Start of RECORDS FOR THE EXERCISE

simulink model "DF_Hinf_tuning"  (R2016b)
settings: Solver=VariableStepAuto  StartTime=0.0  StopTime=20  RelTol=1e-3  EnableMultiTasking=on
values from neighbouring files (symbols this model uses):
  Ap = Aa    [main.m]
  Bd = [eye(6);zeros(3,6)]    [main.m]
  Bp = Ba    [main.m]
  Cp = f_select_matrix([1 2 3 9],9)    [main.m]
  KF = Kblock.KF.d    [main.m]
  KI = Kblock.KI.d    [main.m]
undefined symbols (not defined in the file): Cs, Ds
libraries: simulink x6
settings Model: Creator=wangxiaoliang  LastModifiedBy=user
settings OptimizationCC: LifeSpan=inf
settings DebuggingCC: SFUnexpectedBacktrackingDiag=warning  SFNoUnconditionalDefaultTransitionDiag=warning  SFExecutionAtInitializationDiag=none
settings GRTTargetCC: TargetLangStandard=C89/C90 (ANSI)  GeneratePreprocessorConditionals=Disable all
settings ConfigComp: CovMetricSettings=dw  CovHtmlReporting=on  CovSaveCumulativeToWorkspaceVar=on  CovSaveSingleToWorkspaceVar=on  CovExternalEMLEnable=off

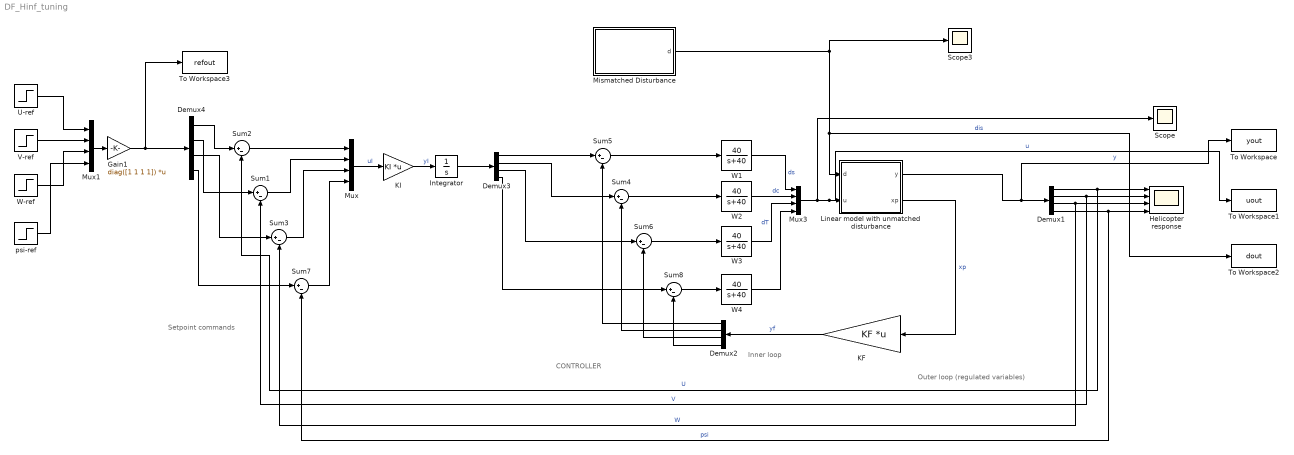
== system DF_Hinf_tuning ==
  note: CONTROLLER
  note: Setpoint
      | commands
  note: Inner loop
  note: Outer loop (regulated variables)
  Demux{1..4} (4 alike) : Demux
  Gain1 : Gain  Gain=diag([1 1 1 1])  Multiplication=Matrix(K*u)
  Helicopter response : Scope  NumInputPorts=4
  Integrator : Integrator
  KF : Gain  Gain=KF  Multiplication=Matrix(K*u) (u vector)
  KI : Gain  Gain=KI  Multiplication=Matrix(K*u)
  Linear model with unmatched disturbance : Subsystem  mask{Ap=Ap, Bp=Bp, Bd=Bd, Cp=Cp, Cs=Cs, Ds=Ds}
  Mismatched Disturbance : Subsystem  mask{wb=2.5, k=0.4, Ts=0.001}
      mask prompts: wb "wb (Filter bandwidth)"; k "k (Signal standard deviation)"; Ts "Ts (Sample time)"
  Mux : Mux
  Mux1 : Mux
  Mux3 : Mux
  Scope : Scope
  Scope3 : Scope
  Sum{1..8} (8 alike) : Sum  Inputs=|+-
  To Workspace : ToWorkspace  VariableName=yout  SaveFormat=Timeseries  SampleTime=-1
  To Workspace1 : ToWorkspace  VariableName=uout  SaveFormat=Timeseries  SampleTime=-1
  To Workspace2 : ToWorkspace  VariableName=dout  SaveFormat=Timeseries  SampleTime=-1
  To Workspace3 : ToWorkspace  VariableName=refout  SaveFormat=Timeseries  SampleTime=-1
  U-ref : Step  Time=0  SampleTime=0
  V-ref : Step  Time=0  SampleTime=0
  W-ref : Step  Time=0  SampleTime=0
  W{1..4} (4 alike) : TransferFcn  Numerator=[40]  Denominator=[1 40]
  psi-ref : Step  Time=0  SampleTime=0
  wires:
  Mux3/1 -> Scope/1, To Workspace1/1, Linear model with unmatched disturbance/2(u)  "u"
  W3/1 -> Mux3/3  "dT"
  W2/1 -> Mux3/2  "dc"
  W1/1 -> Mux3/1  "ds"
  Linear model with unmatched disturbance/2(xp) -> KF/1  "xp"
  Demux1/1 -> Sum2/2, Helicopter response/1  "U"
  Demux1/2 -> Sum1/2, Helicopter response/2  "V"
  Demux1/3 -> Sum3/2, Helicopter response/3  "W"
  Sum2/1 -> Mux/1
  KF/1 -> Demux2/1  "yf"
  Sum1/1 -> Mux/2
  Sum3/1 -> Mux/3
  Demux2/1 -> Sum5/2
  Demux2/2 -> Sum4/2
  Demux2/3 -> Sum6/2
  Linear model with unmatched disturbance/1(y) -> To Workspace/1, Demux1/1  "y"
  Sum5/1 -> W1/1
  Sum4/1 -> W2/1
  Sum6/1 -> W3/1
  Sum7/1 -> Mux/4
  Demux2/4 -> Sum8/2
  Sum8/1 -> W4/1
  W4/1 -> Mux3/4
  Demux1/4 -> Sum7/2, Helicopter response/4  "psi"
  Mux/1 -> KI/1  "uI"
  KI/1 -> Integrator/1  "yI"
  Integrator/1 -> Demux3/1
  Demux3/1 -> Sum5/1
  Demux3/2 -> Sum4/1
  Demux3/3 -> Sum6/1
  Demux3/4 -> Sum8/1
  U-ref/1 -> Mux1/1
  V-ref/1 -> Mux1/2
  W-ref/1 -> Mux1/3
  psi-ref/1 -> Mux1/4
  Mux1/1 -> Gain1/1
  Demux4/1 -> Sum2/1
  Demux4/2 -> Sum1/1
  Demux4/3 -> Sum3/1
  Demux4/4 -> Sum7/1
  Gain1/1 -> Demux4/1, To Workspace3/1
  Mismatched Disturbance/1(d) -> Scope3/1, To Workspace2/1, Linear model with unmatched disturbance/1(d)  "dis"

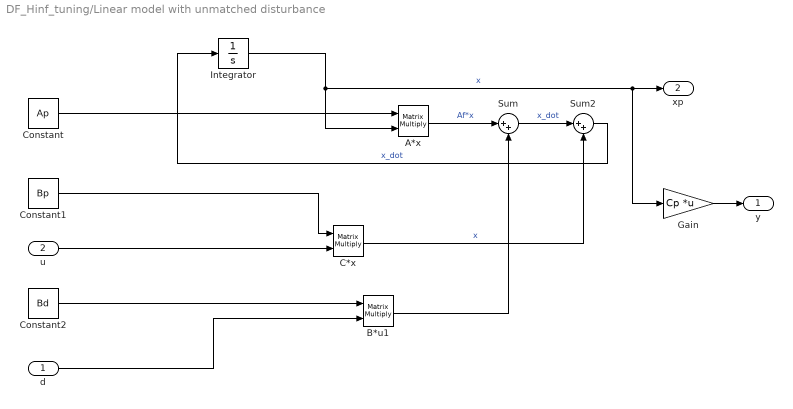
== system DF_Hinf_tuning/Linear model with unmatched disturbance ==
  d : Inport
  u : Inport  Port=2
  A*x : Product  Multiplication=Matrix(*)
  B*u1 : Product  Multiplication=Matrix(*)
  C*x : Product  Multiplication=Matrix(*)
  Constant : Constant  Value=Ap
  Constant1 : Constant  Value=Bp
  Constant2 : Constant  Value=Bd
  Gain : Gain  Gain=Cp  Multiplication=Matrix(K*u)
  Integrator : Integrator  UpperSaturationLimit=1000  LowerSaturationLimit=-1000
  Sum : Sum  Inputs=|++
  Sum2 : Sum  Inputs=|++
  y : Outport
  xp : Outport  Port=2
  wires:
  A*x/1 -> Sum/1  "Af*x"
  C*x/1 -> Sum2/2  "x"
  Integrator/1 -> xp/1, Gain/1, A*x/2  "x"
  Sum2/1 -> Integrator/1  "x_dot"
  Constant/1 -> A*x/1
  Constant2/1 -> B*u1/1
  B*u1/1 -> Sum/2
  Sum/1 -> Sum2/1  "x_dot"
  Constant1/1 -> C*x/1
  Gain/1 -> y/1
  u/1 -> C*x/2
  d/1 -> B*u1/2

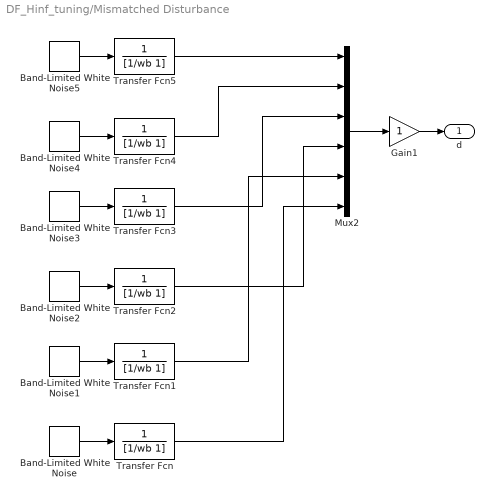
== system DF_Hinf_tuning/Mismatched Disturbance ==
  Band-Limited White Noise : simulink/Sources/Band-Limited White Noise  Cov=2*k^2/wb  Ts=Ts  seed=[23345]
  Band-Limited White Noise1 : simulink/Sources/Band-Limited White Noise  Cov=2*k^2/wb  Ts=Ts  seed=[23344]
  Band-Limited White Noise2 : simulink/Sources/Band-Limited White Noise  Cov=2*k^2/wb  Ts=Ts  seed=[23341]
  Band-Limited White Noise3 : simulink/Sources/Band-Limited White Noise  Cov=2*k^2/wb  Ts=Ts  seed=[23340]
  Band-Limited White Noise4 : simulink/Sources/Band-Limited White Noise  Cov=2*k^2/wb  Ts=Ts  seed=[23343]
  Band-Limited White Noise5 : simulink/Sources/Band-Limited White Noise  Cov=2*k^2/wb  Ts=Ts  seed=[23342]
  Gain1 : Gain
  Mux2 : Mux  Inputs=6
  Transfer Fcn{,1..5} (6 alike) : TransferFcn  Denominator=[1/wb 1]
  d : Outport
  wires:
  Transfer Fcn3/1 -> Mux2/3
  Mux2/1 -> Gain1/1
  Band-Limited White Noise3/1 -> Transfer Fcn3/1
  Band-Limited White Noise2/1 -> Transfer Fcn2/1
  Band-Limited White Noise1/1 -> Transfer Fcn1/1
  Transfer Fcn4/1 -> Mux2/2
  Transfer Fcn1/1 -> Mux2/5
  Transfer Fcn5/1 -> Mux2/1
  Transfer Fcn2/1 -> Mux2/4
  Transfer Fcn/1 -> Mux2/6
  Band-Limited White Noise/1 -> Transfer Fcn/1
  Band-Limited White Noise4/1 -> Transfer Fcn4/1
  Band-Limited White Noise5/1 -> Transfer Fcn5/1
  Gain1/1 -> d/1

End of RECORDS FOR THE EXERCISE

→ **WORK TO BE COMPLETED**
Give back, exactly as written, the lines from the top of the material through the line with "W-ref : Step", ends included and pictures left aside.

→ **THE ANSWER**
simulink model "DF_Hinf_tuning"  (R2016b)
settings: Solver=VariableStepAuto  StartTime=0.0  StopTime=20  RelTol=1e-3  EnableMultiTasking=on
values from neighbouring files (symbols this model uses):
  Ap = Aa    [main.m]
  Bd = [eye(6);zeros(3,6)]    [main.m]
  Bp = Ba    [main.m]
  Cp = f_select_matrix([1 2 3 9],9)    [main.m]
  KF = Kblock.KF.d    [main.m]
  KI = Kblock.KI.d    [main.m]
undefined symbols (not defined in the file): Cs, Ds
libraries: simulink x6
settings Model: Creator=wangxiaoliang  LastModifiedBy=user
settings OptimizationCC: LifeSpan=inf
settings DebuggingCC: SFUnexpectedBacktrackingDiag=warning  SFNoUnconditionalDefaultTransitionDiag=warning  SFExecutionAtInitializationDiag=none
settings GRTTargetCC: TargetLangStandard=C89/C90 (ANSI)  GeneratePreprocessorConditionals=Disable all
settings ConfigComp: CovMetricSettings=dw  CovHtmlReporting=on  CovSaveCumulativeToWorkspaceVar=on  CovSaveSingleToWorkspaceVar=on  CovExternalEMLEnable=off

== system DF_Hinf_tuning ==
  note: CONTROLLER
  note: Setpoint
      | commands
  note: Inner loop
  note: Outer loop (regulated variables)
  Demux{1..4} (4 alike) : Demux
  Gain1 : Gain  Gain=diag([1 1 1 1])  Multiplication=Matrix(K*u)
  Helicopter response : Scope  NumInputPorts=4
  Integrator : Integrator
  KF : Gain  Gain=KF  Multiplication=Matrix(K*u) (u vector)
  KI : Gain  Gain=KI  Multiplication=Matrix(K*u)
  Linear model with unmatched disturbance : Subsystem  mask{Ap=Ap, Bp=Bp, Bd=Bd, Cp=Cp, Cs=Cs, Ds=Ds}
  Mismatched Disturbance : Subsystem  mask{wb=2.5, k=0.4, Ts=0.001}
      mask prompts: wb "wb (Filter bandwidth)"; k "k (Signal standard deviation)"; Ts "Ts (Sample time)"
  Mux : Mux
  Mux1 : Mux
  Mux3 : Mux
  Scope : Scope
  Scope3 : Scope
  Sum{1..8} (8 alike) : Sum  Inputs=|+-
  To Workspace : ToWorkspace  VariableName=yout  SaveFormat=Timeseries  SampleTime=-1
  To Workspace1 : ToWorkspace  VariableName=uout  SaveFormat=Timeseries  SampleTime=-1
  To Workspace2 : ToWorkspace  VariableName=dout  SaveFormat=Timeseries  SampleTime=-1
  To Workspace3 : ToWorkspace  VariableName=refout  SaveFormat=Timeseries  SampleTime=-1
  U-ref : Step  Time=0  SampleTime=0
  V-ref : Step  Time=0  SampleTime=0
  W-ref : Step  Time=0  SampleTime=0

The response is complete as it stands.